Nearly 6,500 people - mostly Black men, Black women and Black children - were brutally murdered between 1865 and 1950 by White Americans who saw it as a way to terrorize, control and subjugate them, The Washington Post reported on Tuesday.

"Local, state and federal officials ignored, tolerated and even approved the racial violence. Lynching's stain will never - can never - be cleared away," said the article titled "Opinion: Why did it take so long to make lynching a hate crime?"

However, now there will be no more looking away, with a bill making lynching a federal crime finally headed to the White House to be signed into law, according to the report.

The Senate this month gave unanimous consent to legislation that would designate lynching a hate crime punishable by up to 30 years in prison. U.S. President Joe Biden promised to sign the bill, which was approved earlier by the House.

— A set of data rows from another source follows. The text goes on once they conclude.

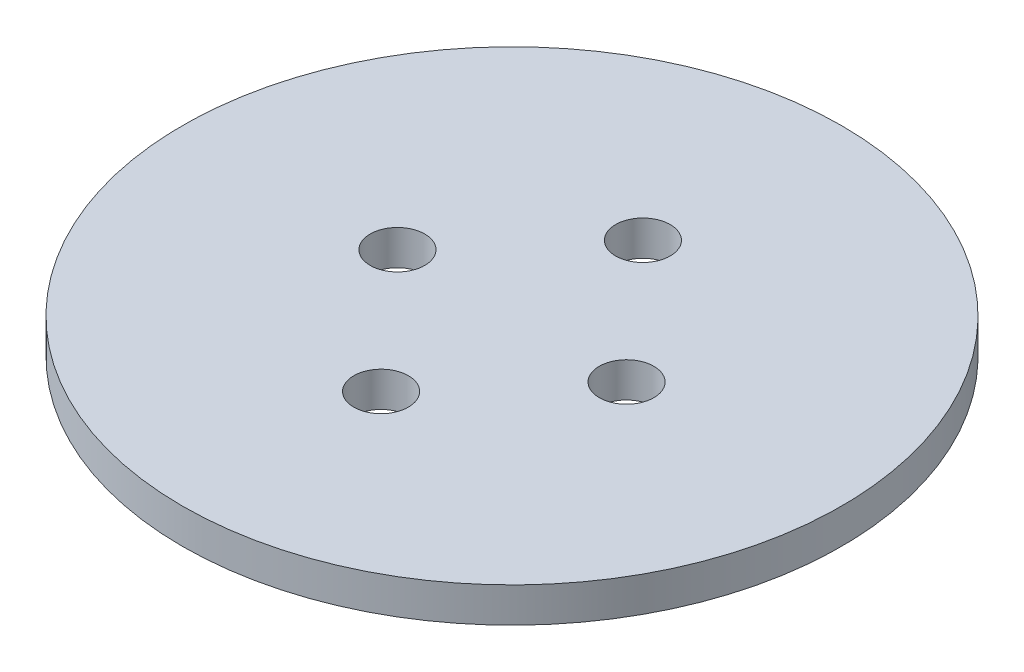
SolidWorks part; units mm, degrees
material "Pine"
ref_plane "Front Plane" through (0, 0, 0) normal (0, 0, 1) x (1, 0, 0)
ref_plane "Top Plane" through (0, 0, 0) normal (0, 1, 0) x (1, 0, 0)
ref_plane "Right Plane" through (0, 0, 0) normal (1, 0, 0) x (0, 0, -1)
sketch "Sketch1" plane through (0, 0, 0) normal (0, 1, 0) x (1, 0, 0)
  circle A0 centre (0, 0) radius 47.9552
  dimension "D1" = 95.9104
extrude "Boss-Extrude1" add sketch "Sketch1" along normal blind 5.08
hole_wizard "U-bolt Holes" positions "Sketch2" profile "Sketch3" tap size "5/16-18" standard "ANSI Inch" end condition through all
sketch "Sketch2" plane through (0, 5.08, 0) normal (0, 1, 0) x (1, 0, 0)
  line L0 (0, 0) -> (0, 20.4425) construction
  point P0 (-16.6687, 0)
  point P12 (16.6687, 0)
  dimension "D1" = 33.3375
sketch "Sketch3" plane through (-16.6687, 5.08, 0) normal (1, 0, 0) x (0, 0, 1)
  line L0 (0, 0) -> (0, 5.08)
  line L1 (0, 5.08) -> (3.9687, 5.08)
  line L2 (3.9687, 5.08) -> (3.9687, 0)
  line L5 (3.9687, 0) -> (0, 0)
  line L11 (0, -6.35) -> (0, 107.95) construction
  dimension "Thru Tap Drill Dia." = 7.9375
  dimension "Thru Tap Drill Depth" = 5.08
cosmetic thread "Hole Thread1" parameters "D2"=7.9375
cosmetic thread "Hole Thread2" parameters "D2"=7.9375
hole_wizard "Threaded Rod Holes" positions "Sketch4" profile "Sketch5" tap size "5/16-18" standard "ANSI Inch" end condition through all
sketch "Sketch4" plane through (0, 5.08, 0) normal (0, 1, 0) x (1, 0, 0)
  line L1 (0, 0) -> (0, -19.05) construction
  line L3 (0, 0) -> (0, 19.05) construction
  point P13 (0, -19.05)
  point P17 (0, 19.05)
  dimension "D1" = 38.1
sketch "Sketch5" plane through (0, 5.08, -19.05) normal (1, 0, 0) x (0, 0, 1)
  line L0 (0, 0) -> (0, 5.08)
  line L1 (0, 5.08) -> (3.9687, 5.08)
  line L2 (3.9687, 5.08) -> (3.9687, 0)
  line L5 (3.9687, 0) -> (0, 0)
  line L11 (0, -6.35) -> (0, 107.95) construction
  dimension "Thru Tap Drill Dia." = 7.9375
  dimension "Thru Tap Drill Depth" = 5.08
cosmetic thread "Hole Thread3" parameters "D2"=7.9375
cosmetic thread "Hole Thread4" parameters "D2"=7.9375

Though enactment of the anti-lynching act might be "mostly symbolic," said the report, "it is important that this country make clear that the lynching of Black people is not - and never was - acceptable."

(Cover: People release balloons to commemorate the 80th birthday of Emmett Till, who was kidnapped and lynched by two White men at the age of 14, outside the Governor's Mansion in St. Paul, Minnesota, July 25, 2021. /CFP)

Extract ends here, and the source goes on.